Survey: State’s Economy ‘Greatest Challenge for Business’


Connecticut business leaders say the state’s economic competitiveness is the single greatest challenge facing economic growth and job creation according to a new survey released today.
The 2014 Survey of Connecticut Businesses did reveal cautious optimism, with 35% of respondents saying their companies were growing, and 54% reporting they were “holding steady”.
Released today at The Connecticut Economy conference in Rocky Hill by the Connecticut Business & Industry Association and the accounting, tax, and consulting firm, BlumShapiro, the annual survey identifies issues and trends within the state’s economic, fiscal, and regulatory climates.
The state’s economy was the single biggest challenge for 34% of respondents in 2014, unchanged from last year’s survey findings. National economic concerns (18%), healthcare costs (16%), state and federal tax burdens (11%), and regulatory costs (10%) also were listed as major challenges.
Economic competitiveness
CBIA president and CEO John Rathgeber said today that those challenges and other areas hampering economic growth were the reason CBIA and dozens of other groups launched the CT20x17 campaign earlier this year, aimed at making Connecticut a top 20 state for business by 2017.
“Economic competitiveness is not just a business issue but one that touches every community, every neighborhood, and every family in Connecticut,” Rathgeber said. “A competitive economic climate means more jobs, more opportunity, and a brighter future for everyone in the state.
“We have tremendous assets and must continue to leverage them. At the same time, it’s critical we address those areas hampering economic growth, particularly the high cost of doing business, taxes, state budget deficits and long-term debt, red tape, and our aging transportation infrastructure.”
The survey found that more than one in five businesses is considering moving or shifting production to another state within the next five years, and 29% are considering expanding outside of Connecticut.
Policy priorities
When asked how lawmakers could improve economic competitiveness, 52% said reducing taxes should be the top priority, followed by additional regulatory reforms (24%), curbing government spending (11%), increased tax incentives (7%), and improving transportation infrastructure (6%).
UIL Holdings Corporation chairman and CEO Jim Torgerson, speaking at today’s conference, said national studies such as CNBC’s America’s Top States for Business rank Connecticut poorly for economic competitivness.
“Those rankings reflect policy decisions made over the last decade that have increased business costs and jeopardized jobs and opportunities for those who work and live here,” Torgerson said. “They reinforce the perception that Connecticut is not a good place to do business.
“It’s critical that we break that pattern and unlock Connecticut’s enormous potential. With the assets that we have in this state, we could–and should–be one of the best states in the country to do business.”
Barriers to growth
Other speakers, including DataCore Partners chief economist Don Klepper-Smith, said the CBIA/BlumShapiro survey highlighted barriers to growth that needed eliminating so the state’s struggling economy can grow.
“These results clearly show the need to improve our business climate,” Klepper-Smith said. “They reveal the real difficulties of trying to run a business here in the state.
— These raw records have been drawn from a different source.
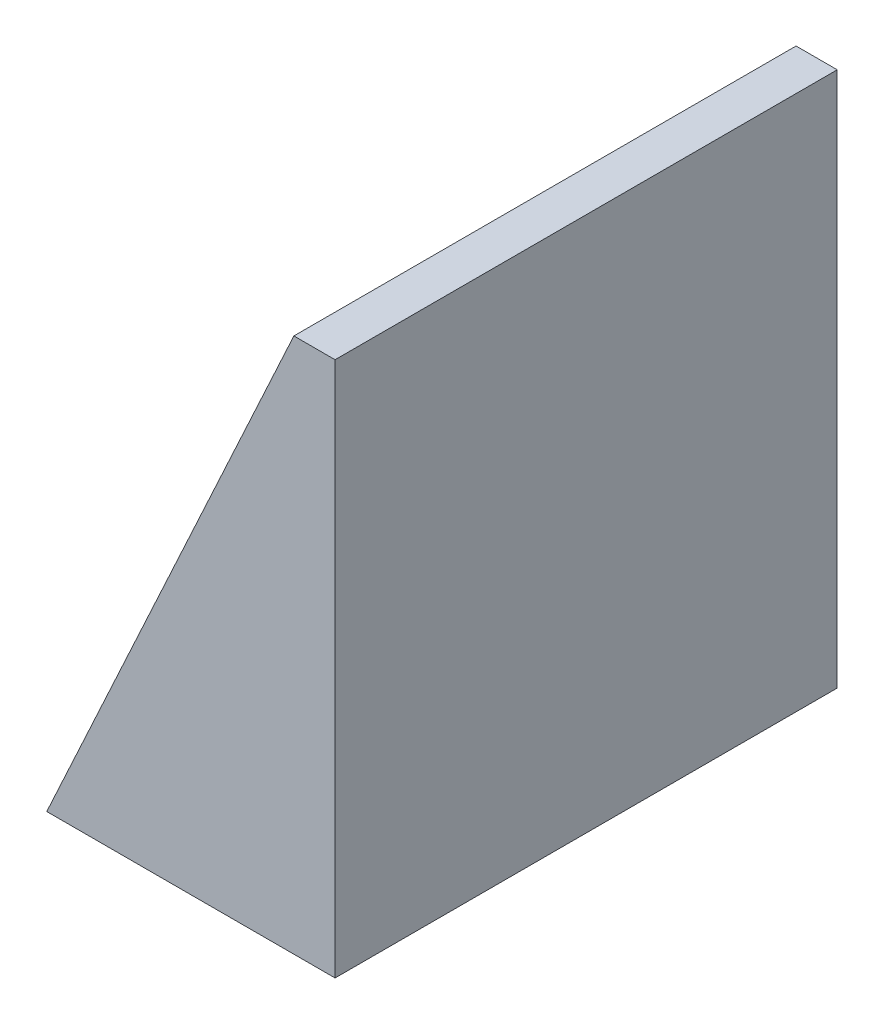
SolidWorks part; units mm, degrees
ref_plane "Front Plane" through (0, 0, 0) normal (0, 0, 1) x (1, 0, 0)
ref_plane "Top Plane" through (0, 0, 0) normal (0, 1, 0) x (1, 0, 0)
ref_plane "Right Plane" through (0, 0, 0) normal (1, 0, 0) x (0, 0, -1)
sketch "Sketch1" plane through (0, 0, 0) normal (0, 0, 1) x (1, 0, 0)
  line L0 (0, 0) -> (50, 0)
  line L1 (50, 0) -> (50, -650)
  line L2 (50, -650) -> (-300, -650)
  line L3 (-300, -650) -> (0, 0)
extrude "Boss-Extrude1" add sketch "Sketch1" along normal blind 609.6
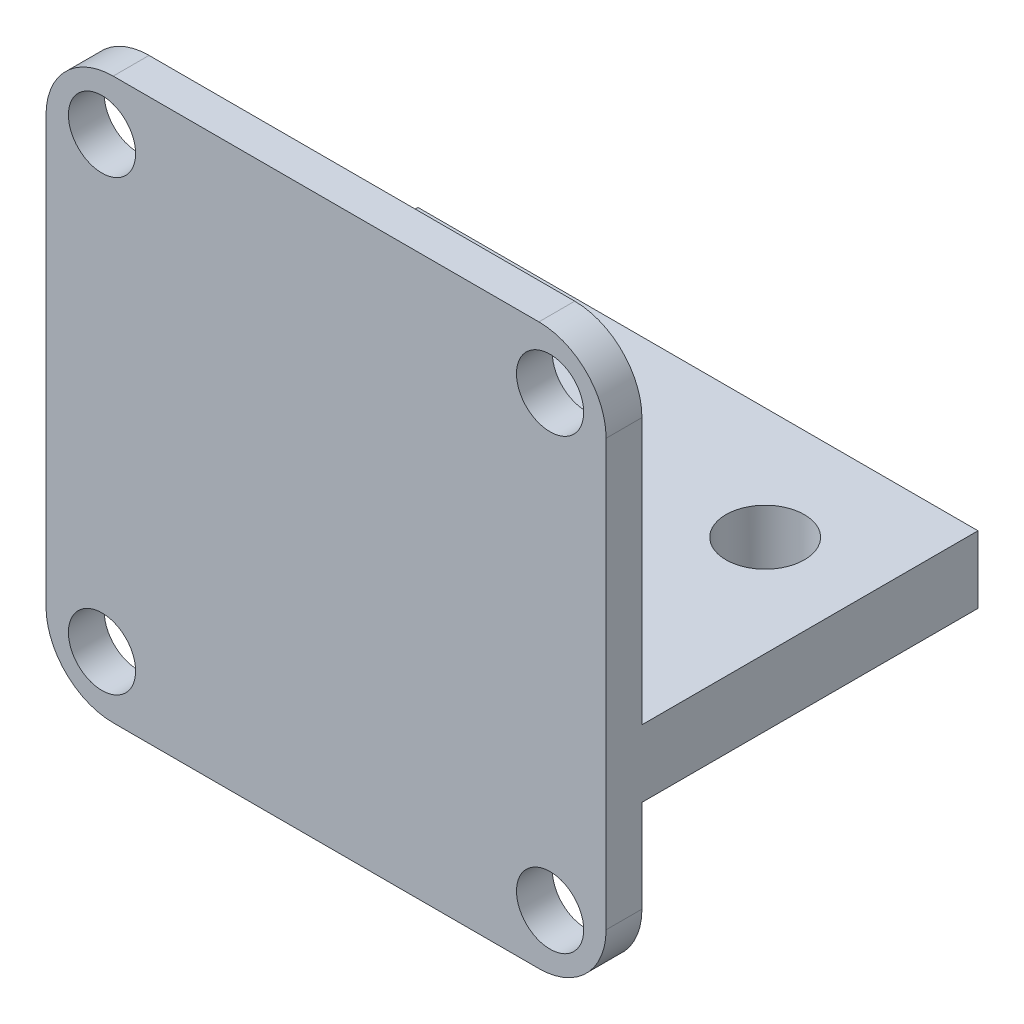
SolidWorks part; units mm, degrees
ref_plane "Front Plane" through (0, 0, 0) normal (0, 0, 1) x (1, 0, 0)
ref_plane "Top Plane" through (0, 0, 0) normal (0, 1, 0) x (1, 0, 0)
ref_plane "Right Plane" through (0, 0, 0) normal (1, 0, 0) x (0, 0, -1)
sketch "Sketch1" plane through (0, 0, 0) normal (0, 0, 1) x (1, 0, 0)
  line L1 (-9.5, -12.5) -> (9.5, -12.5)
  line L2 (-12.5, -9.5) -> (-12.5, 9.5)
  line L3 (-9.5, 12.5) -> (9.5, 12.5)
  line L4 (12.5, -9.5) -> (12.5, 9.5)
  line L5 (-12.5, -12.5) -> (12.5, 12.5) construction
  line L6 (-12.5, 12.5) -> (12.5, -12.5) construction
  line L7 (0, 12.5) -> (0, 0) construction
  line L8 (0, 0) -> (-12.5, 0) construction
  arc A0 (-9.5, -12.5) -> (-12.5, -9.5) centre (-9.5, -9.5) cw
  arc A1 (9.5, -12.5) -> (12.5, -9.5) centre (9.5, -9.5) ccw
  arc A2 (9.5, 12.5) -> (12.5, 9.5) centre (9.5, 9.5) cw
  arc A3 (-12.5, 9.5) -> (-9.5, 12.5) centre (-9.5, 9.5) cw
  circle A4 centre (-10, 10) radius 1.5
  circle A5 centre (10, 10) radius 1.5
  circle A6 centre (10, -10) radius 1.5
  circle A7 centre (-10, -10) radius 1.5
  point P0 (0, 0)
  dimension "D3" = 3
  dimension "D4" = 3
  dimension "D1" = 25
  dimension "D2" = 25
  dimension "D5" = 10
extrude "Boss-Extrude1" add sketch "Sketch1" along normal blind 1.6
sketch "Sketch2" plane through (0, 0, 0) normal (0, 0, -1) x (-1, 0, 0)
  line L0 (-12.5, 0) -> (12.5, 0) construction
  line L1 (-12.5, -9.5) -> (-12.5, 9.5) construction
  line L2 (12.5, 9.5) -> (12.5, -9.5) construction
  line L4 (-12.5, -5.375) -> (12.5, -5.375)
  line L5 (-12.5, -5.375) -> (-12.5, -2.375)
  line L6 (-12.5, -2.375) -> (12.5, -2.375)
  line L7 (12.5, -5.375) -> (12.5, -2.375)
  dimension "D1" = 2.375
  dimension "D2" = 3
extrude "Boss-Extrude2" add sketch "Sketch2" along normal blind 15
ref_plane "Plane1" through (0, 0, 0) normal (1, 0, 0) x (0, 0, -1)
sketch "Sketch3" plane through (0, -2.375, 0) normal (0, 1, 0) x (1, 0, 0)
  line L0 (0, 0) -> (0, 15.0798) construction
  line L1 (9.5, 0) -> (-9.5, 0) construction
  line L2 (0, -9.13) -> (0, 9.13) construction
  line L3 (-12.5, 0) -> (12.5, 0) construction
  circle A0 centre (-8, 10) radius 1.75
  circle A1 centre (8, 10) radius 1.75
  point P8 (0, 0)
  point P10 (-6.7891, 6.4585)
  dimension "D1" = 3.5
  dimension "D2" = 8
  dimension "D3" = 10
extrude "Cut-Extrude1" cut sketch "Sketch3" against normal through all

“Needless to say, it’s a day-to-day challenge for most of my clients, given rising healthcare costs and the higher costs of state government, which are outpacing our ability to pay for it.”
Given Connecticut’s position as a high-cost state, innovation is critical to growth and profitability, with the survey finding that 46% of businesses added new products or services in the past year and almost a third (29%) investing in research and development.
Making investments
Technology was the greatest single investment for 27% of those surveyed, followed by employee training (23%), and property and facilities (23%).
Over the next two years, however, companies plan on making greater investments in training, with 28% indicating it will become a bigger priority.
The survey found that, through 2015, workforce demand will be concentrated on mid-level employees, with 33% of companies saying that was their biggest need, followed by entry-level (29%), line workers (28%), and managers (8%).
“Connecticut’s workforce is aging,” said Joseph Kask, office managing partner with BlumShapiro. “This, coupled with businesses struggling to find qualified workers, highlights the need for our state to continue investing in training and development programs while creating an environment that retains and attracts new talent.”
‘Major election issue’
Torgerson called on business leaders to support the CT20x17 campaign, saying that they needed to ensure that the major issue of the 2014 elections was ‘making Connecticut a top state for business, jobs, and economic growth.’
“It’s about responsibility, and those of us in this room have an important role to play,” he said. “As business leaders, as leaders in our community, we have a responsibility to our employees, to our clients, to our family, friends, and neighbors–a responsibility to get involved.
“If we want responsible government; if we want accountability from those we elect to represent us, then it starts with us. If we want better, if we expect more, then it’s not enough to demand it; we must get more involved.”